_Requirement_. Although the data below contains pictures, output only the lines between those holding "settings SolverCC: AutoInsertRateTranBlk=on" and "STeVe System Model : Subsystem", inclusive, exactly and without those pictures.

_Provided material_.

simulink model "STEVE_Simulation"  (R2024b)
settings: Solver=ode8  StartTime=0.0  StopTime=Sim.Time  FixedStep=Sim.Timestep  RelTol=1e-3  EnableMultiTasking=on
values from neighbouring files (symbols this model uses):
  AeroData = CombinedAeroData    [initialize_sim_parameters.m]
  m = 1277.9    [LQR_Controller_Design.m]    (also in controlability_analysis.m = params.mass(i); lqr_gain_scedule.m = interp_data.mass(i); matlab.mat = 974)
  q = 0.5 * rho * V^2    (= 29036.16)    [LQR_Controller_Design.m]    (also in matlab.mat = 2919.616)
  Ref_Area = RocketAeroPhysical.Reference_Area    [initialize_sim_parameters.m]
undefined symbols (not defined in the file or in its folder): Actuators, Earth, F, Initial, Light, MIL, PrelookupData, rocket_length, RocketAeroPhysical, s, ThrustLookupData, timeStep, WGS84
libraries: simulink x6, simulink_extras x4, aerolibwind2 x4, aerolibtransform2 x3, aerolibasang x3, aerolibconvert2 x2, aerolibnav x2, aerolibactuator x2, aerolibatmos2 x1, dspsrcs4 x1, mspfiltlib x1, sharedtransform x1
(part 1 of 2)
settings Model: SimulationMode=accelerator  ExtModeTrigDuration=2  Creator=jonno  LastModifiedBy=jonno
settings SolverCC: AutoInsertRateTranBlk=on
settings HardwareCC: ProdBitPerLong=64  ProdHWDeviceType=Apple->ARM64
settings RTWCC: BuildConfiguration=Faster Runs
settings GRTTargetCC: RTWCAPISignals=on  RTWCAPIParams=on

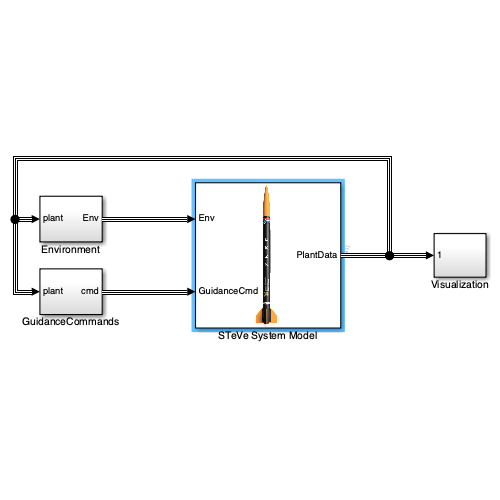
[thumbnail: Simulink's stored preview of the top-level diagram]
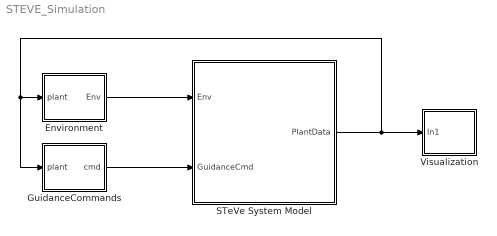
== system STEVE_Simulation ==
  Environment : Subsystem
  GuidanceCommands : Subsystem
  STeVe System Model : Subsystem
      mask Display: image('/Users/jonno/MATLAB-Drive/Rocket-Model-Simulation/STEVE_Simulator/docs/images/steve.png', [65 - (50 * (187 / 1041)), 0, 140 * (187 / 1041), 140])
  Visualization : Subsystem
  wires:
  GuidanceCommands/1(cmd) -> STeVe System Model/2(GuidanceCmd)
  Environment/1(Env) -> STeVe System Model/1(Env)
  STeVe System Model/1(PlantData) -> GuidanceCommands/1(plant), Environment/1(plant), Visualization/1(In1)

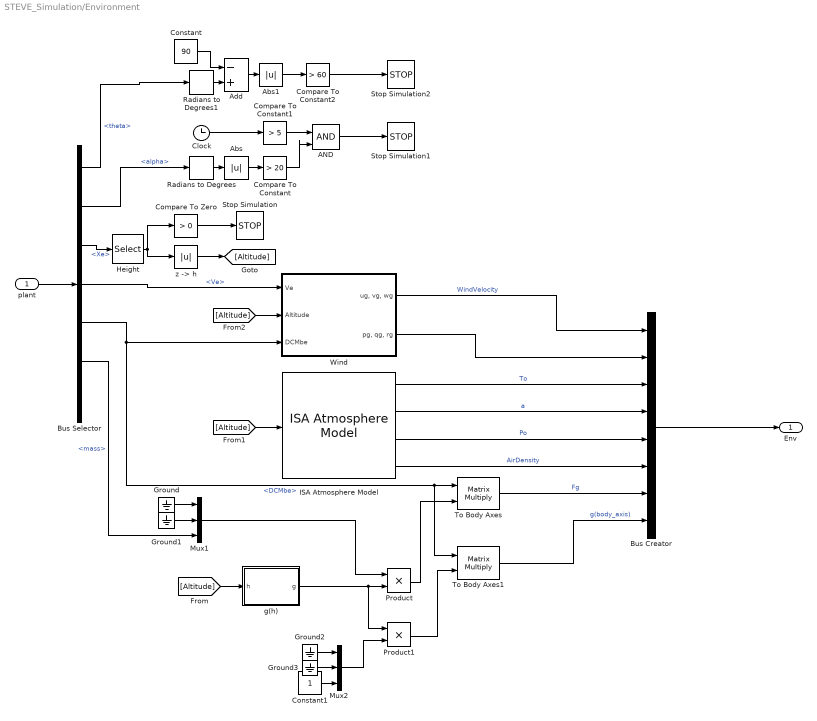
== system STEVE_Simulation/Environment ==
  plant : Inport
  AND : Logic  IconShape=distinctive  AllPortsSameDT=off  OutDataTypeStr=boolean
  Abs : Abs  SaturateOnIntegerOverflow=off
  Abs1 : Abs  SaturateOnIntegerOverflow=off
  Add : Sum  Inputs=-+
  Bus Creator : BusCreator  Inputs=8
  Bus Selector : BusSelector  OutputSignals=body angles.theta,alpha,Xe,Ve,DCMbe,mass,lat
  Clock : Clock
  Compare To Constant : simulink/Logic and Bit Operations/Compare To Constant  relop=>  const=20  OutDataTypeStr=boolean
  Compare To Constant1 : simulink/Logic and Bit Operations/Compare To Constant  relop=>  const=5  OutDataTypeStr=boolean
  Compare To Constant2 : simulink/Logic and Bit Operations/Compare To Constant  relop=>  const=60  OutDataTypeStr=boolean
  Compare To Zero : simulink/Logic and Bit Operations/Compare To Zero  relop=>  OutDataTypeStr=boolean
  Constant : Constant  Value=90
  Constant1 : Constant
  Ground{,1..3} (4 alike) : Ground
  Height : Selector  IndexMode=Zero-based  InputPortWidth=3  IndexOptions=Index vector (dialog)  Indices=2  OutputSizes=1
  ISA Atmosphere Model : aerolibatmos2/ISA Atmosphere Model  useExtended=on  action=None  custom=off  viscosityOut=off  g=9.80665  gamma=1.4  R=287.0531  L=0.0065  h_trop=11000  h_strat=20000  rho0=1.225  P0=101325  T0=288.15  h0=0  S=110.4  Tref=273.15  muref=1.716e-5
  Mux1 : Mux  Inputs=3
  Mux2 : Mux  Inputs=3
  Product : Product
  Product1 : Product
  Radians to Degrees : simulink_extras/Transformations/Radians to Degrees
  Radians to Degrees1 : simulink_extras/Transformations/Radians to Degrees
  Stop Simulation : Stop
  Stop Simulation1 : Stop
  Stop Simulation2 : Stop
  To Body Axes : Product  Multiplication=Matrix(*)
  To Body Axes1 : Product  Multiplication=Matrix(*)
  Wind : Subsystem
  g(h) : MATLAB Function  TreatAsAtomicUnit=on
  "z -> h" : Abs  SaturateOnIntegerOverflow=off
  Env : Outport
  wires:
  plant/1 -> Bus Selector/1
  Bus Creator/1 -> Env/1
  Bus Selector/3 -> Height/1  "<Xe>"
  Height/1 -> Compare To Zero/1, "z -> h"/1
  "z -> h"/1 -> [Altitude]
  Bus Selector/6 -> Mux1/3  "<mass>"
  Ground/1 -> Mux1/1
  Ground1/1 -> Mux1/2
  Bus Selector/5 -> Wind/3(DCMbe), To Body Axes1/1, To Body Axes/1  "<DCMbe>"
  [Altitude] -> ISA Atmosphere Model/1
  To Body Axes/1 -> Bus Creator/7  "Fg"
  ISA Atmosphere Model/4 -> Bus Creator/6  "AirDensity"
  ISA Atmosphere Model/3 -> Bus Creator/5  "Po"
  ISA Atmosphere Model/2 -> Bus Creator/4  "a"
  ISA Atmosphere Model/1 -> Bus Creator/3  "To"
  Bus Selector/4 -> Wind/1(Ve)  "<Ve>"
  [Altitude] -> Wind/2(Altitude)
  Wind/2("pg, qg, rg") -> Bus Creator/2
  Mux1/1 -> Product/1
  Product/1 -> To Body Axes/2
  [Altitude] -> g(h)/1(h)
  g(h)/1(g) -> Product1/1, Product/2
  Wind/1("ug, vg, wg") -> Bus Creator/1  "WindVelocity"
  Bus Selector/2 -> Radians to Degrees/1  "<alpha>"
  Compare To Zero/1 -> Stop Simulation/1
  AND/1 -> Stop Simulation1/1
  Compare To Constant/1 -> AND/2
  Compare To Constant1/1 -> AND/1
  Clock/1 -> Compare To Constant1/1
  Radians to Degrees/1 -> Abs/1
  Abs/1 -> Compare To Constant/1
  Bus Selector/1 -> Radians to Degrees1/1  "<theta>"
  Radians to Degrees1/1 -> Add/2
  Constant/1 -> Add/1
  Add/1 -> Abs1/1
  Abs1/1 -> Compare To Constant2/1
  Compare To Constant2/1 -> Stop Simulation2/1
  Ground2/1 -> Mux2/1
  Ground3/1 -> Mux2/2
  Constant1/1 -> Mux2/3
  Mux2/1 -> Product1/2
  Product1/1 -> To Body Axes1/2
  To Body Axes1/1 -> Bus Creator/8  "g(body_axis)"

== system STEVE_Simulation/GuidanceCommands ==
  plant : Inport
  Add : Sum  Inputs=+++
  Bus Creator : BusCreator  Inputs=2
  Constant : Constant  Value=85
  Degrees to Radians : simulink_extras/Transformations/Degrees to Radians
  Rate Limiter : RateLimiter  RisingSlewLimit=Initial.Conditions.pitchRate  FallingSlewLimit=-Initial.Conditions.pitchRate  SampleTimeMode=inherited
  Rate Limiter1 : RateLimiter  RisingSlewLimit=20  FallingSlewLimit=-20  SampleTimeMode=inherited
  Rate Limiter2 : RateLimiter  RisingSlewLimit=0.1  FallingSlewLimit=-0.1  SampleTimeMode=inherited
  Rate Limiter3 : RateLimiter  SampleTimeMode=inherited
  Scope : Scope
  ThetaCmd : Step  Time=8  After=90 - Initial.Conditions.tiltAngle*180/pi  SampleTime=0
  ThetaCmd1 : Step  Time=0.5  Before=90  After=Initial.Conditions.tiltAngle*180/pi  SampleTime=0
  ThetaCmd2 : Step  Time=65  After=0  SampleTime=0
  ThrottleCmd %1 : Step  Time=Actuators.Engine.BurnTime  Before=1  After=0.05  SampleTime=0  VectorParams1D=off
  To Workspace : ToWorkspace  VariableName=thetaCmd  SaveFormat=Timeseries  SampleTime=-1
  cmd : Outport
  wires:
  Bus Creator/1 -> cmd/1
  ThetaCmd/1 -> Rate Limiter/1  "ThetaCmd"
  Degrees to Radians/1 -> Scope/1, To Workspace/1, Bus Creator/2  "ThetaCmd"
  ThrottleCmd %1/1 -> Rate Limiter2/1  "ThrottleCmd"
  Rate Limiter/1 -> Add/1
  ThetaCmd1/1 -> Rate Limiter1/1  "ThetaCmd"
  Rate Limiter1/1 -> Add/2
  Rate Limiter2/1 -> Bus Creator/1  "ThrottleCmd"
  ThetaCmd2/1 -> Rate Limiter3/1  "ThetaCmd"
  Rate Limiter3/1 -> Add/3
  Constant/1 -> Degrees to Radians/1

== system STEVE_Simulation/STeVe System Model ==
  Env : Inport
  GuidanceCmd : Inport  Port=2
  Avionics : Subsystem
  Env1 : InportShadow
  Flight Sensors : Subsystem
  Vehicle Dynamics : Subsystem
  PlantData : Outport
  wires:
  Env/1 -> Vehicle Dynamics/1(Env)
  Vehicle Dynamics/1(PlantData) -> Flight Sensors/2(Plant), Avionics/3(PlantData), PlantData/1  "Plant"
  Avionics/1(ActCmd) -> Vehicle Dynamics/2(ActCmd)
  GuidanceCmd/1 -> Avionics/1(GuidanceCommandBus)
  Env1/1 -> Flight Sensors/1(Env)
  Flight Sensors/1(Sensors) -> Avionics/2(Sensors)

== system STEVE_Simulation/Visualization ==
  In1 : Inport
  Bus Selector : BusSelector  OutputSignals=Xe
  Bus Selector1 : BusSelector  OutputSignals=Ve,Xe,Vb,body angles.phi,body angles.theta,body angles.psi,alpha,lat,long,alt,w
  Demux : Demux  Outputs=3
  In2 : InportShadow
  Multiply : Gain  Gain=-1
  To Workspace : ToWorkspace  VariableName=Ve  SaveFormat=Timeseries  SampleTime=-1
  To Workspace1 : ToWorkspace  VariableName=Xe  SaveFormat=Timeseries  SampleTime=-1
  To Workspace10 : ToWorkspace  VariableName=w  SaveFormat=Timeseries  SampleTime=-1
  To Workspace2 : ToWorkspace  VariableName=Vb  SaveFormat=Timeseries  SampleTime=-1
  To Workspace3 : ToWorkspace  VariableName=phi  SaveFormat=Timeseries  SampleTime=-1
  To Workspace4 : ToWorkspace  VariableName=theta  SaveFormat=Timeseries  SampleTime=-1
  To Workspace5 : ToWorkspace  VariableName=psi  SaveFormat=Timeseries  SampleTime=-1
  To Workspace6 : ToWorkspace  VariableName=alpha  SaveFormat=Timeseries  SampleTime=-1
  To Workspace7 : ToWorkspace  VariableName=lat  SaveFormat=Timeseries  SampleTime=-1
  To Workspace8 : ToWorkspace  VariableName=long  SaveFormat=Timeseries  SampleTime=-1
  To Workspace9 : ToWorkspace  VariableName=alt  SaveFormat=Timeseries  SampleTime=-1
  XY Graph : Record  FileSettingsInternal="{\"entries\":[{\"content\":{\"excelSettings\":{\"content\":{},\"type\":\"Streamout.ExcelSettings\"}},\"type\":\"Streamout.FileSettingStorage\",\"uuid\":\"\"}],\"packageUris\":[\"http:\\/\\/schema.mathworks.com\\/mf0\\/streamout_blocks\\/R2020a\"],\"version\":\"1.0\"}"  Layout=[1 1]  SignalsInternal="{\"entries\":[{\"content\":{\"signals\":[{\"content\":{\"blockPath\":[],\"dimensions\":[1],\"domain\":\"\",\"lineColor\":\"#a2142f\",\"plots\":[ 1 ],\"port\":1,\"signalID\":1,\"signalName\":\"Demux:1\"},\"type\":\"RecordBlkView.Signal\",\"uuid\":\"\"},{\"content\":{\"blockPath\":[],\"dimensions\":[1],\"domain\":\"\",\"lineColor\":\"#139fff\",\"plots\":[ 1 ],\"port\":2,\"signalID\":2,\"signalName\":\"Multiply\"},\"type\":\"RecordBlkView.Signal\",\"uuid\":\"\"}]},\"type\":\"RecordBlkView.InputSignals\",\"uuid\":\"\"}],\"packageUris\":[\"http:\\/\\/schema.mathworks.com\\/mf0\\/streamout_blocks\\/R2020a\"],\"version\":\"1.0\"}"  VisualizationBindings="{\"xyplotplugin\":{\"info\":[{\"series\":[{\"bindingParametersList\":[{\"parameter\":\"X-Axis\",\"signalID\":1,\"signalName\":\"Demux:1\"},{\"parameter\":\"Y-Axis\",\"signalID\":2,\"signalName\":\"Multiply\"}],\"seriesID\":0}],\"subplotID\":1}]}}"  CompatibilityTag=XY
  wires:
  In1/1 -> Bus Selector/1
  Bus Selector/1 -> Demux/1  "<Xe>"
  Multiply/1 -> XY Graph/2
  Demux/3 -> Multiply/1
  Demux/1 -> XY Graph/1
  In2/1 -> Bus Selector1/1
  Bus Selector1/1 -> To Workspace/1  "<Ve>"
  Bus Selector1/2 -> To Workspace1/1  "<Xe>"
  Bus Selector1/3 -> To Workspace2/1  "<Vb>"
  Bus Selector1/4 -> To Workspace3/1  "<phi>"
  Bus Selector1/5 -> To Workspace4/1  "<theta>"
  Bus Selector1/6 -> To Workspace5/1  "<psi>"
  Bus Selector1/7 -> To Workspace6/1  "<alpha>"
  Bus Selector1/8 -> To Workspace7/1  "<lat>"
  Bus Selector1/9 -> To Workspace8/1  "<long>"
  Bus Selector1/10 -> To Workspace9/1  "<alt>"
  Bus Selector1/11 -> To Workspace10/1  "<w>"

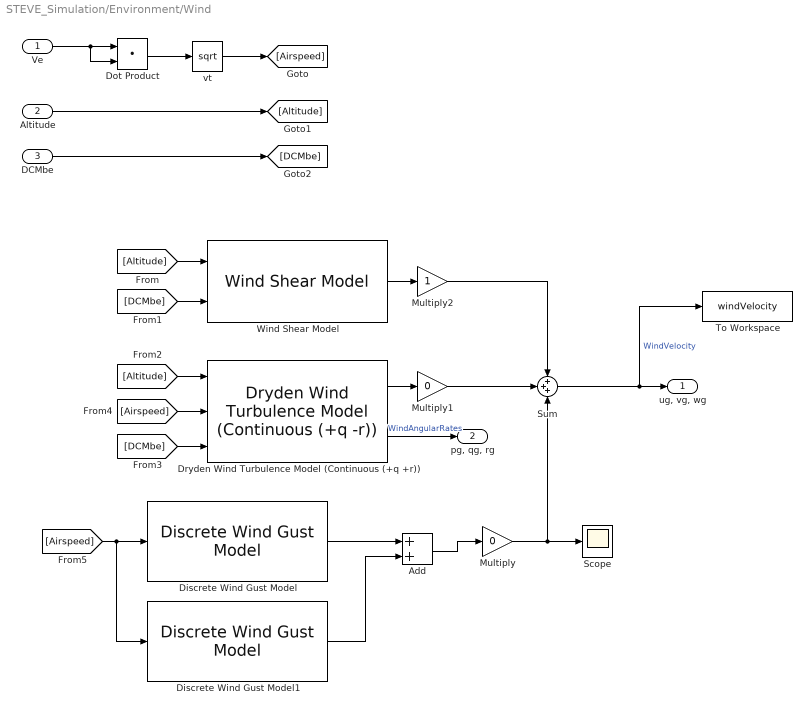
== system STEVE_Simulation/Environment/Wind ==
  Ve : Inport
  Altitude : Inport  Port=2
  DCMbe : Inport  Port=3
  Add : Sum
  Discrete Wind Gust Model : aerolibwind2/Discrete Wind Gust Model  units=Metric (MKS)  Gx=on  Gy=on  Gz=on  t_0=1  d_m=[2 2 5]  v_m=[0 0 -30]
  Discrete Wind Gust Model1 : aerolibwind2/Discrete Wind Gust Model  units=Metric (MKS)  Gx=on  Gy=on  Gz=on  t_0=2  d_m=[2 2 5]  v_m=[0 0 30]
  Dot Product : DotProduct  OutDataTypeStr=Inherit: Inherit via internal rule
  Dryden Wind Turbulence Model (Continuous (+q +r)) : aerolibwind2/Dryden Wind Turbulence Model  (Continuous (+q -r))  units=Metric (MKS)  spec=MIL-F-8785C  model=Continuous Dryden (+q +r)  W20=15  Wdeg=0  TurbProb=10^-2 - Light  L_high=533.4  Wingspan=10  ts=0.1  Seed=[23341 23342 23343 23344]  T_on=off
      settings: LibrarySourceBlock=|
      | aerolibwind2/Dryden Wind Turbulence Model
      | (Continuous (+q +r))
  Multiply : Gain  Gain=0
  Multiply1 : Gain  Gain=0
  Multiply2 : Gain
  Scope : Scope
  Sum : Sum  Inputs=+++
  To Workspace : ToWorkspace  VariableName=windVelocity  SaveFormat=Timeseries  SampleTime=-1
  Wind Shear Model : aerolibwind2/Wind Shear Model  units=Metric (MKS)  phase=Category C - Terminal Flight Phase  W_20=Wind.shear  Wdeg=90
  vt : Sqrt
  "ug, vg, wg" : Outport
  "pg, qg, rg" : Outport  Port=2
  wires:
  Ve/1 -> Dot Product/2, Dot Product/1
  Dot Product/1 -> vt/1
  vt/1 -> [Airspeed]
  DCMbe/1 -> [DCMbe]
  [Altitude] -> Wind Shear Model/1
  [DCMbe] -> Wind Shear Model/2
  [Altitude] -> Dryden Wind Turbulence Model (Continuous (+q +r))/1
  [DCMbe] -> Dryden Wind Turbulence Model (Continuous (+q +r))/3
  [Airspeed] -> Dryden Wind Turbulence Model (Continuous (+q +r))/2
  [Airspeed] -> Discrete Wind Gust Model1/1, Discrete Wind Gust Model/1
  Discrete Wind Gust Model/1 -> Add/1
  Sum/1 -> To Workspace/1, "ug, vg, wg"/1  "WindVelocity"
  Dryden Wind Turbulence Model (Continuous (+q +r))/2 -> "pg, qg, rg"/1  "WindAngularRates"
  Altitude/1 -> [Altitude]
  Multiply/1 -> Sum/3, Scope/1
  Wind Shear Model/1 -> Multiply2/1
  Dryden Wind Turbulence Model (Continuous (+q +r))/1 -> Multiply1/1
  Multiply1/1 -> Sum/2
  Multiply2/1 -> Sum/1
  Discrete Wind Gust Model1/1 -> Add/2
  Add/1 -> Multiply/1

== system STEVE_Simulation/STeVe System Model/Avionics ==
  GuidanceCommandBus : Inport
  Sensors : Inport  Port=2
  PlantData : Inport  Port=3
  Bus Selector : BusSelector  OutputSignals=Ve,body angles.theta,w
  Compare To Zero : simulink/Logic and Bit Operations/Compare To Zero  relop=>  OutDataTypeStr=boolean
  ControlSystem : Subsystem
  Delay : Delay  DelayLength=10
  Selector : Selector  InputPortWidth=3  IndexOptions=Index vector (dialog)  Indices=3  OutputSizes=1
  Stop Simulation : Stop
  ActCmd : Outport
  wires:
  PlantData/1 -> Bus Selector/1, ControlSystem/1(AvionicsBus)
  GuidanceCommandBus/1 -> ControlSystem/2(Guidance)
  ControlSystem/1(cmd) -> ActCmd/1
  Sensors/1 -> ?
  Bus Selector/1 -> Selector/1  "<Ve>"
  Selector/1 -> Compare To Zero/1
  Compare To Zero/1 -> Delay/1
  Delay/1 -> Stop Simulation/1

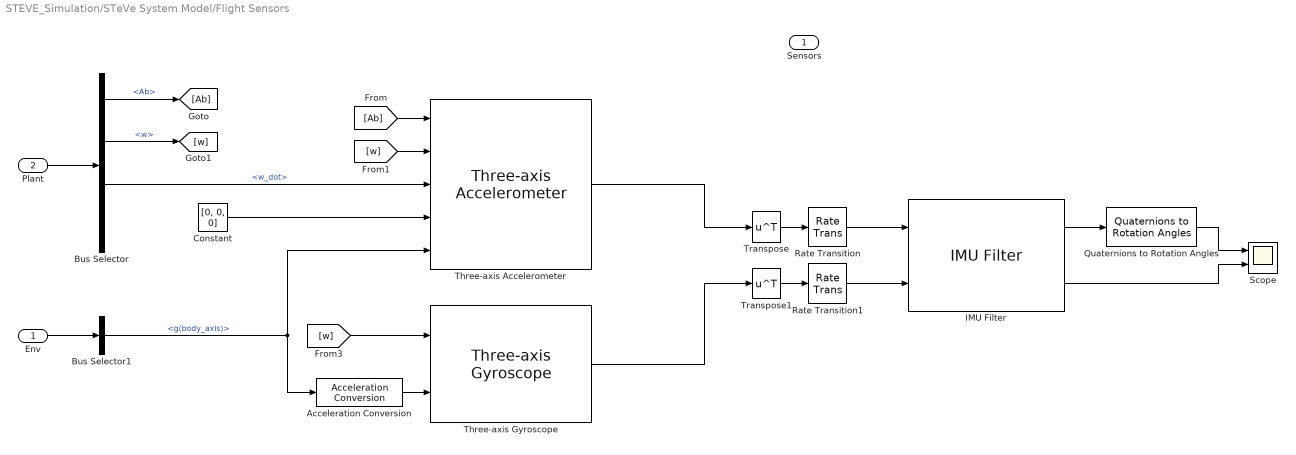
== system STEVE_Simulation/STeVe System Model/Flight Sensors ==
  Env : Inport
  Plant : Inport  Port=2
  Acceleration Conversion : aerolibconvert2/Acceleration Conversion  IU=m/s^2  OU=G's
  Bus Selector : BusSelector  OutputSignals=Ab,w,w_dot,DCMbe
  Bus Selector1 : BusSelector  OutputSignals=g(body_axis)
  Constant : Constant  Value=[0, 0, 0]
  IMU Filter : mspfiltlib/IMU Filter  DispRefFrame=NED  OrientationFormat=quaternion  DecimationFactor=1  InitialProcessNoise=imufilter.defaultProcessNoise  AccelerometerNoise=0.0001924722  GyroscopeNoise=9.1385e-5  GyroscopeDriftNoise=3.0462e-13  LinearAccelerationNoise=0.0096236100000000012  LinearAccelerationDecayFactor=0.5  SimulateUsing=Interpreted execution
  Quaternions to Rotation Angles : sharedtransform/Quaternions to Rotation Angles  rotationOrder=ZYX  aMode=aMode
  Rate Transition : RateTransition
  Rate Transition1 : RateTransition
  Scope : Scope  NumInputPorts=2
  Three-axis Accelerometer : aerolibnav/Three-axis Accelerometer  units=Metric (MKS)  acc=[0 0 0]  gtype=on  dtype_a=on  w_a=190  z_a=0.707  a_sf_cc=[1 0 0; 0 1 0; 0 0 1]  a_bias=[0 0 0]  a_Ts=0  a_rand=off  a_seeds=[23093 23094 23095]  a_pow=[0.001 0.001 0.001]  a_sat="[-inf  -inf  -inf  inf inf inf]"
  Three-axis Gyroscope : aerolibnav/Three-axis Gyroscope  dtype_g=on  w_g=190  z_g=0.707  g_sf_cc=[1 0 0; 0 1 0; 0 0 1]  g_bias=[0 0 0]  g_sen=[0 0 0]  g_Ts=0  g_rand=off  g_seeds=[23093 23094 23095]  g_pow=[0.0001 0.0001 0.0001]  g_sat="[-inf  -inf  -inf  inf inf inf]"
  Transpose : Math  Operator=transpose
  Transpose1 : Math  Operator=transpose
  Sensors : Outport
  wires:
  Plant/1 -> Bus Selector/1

_Result for this exercise_.
settings SolverCC: AutoInsertRateTranBlk=on
settings HardwareCC: ProdBitPerLong=64  ProdHWDeviceType=Apple->ARM64
settings RTWCC: BuildConfiguration=Faster Runs
settings GRTTargetCC: RTWCAPISignals=on  RTWCAPIParams=on

[thumbnail: Simulink's stored preview of the top-level diagram]
== system STEVE_Simulation ==
  Environment : Subsystem
  GuidanceCommands : Subsystem
  STeVe System Model : Subsystem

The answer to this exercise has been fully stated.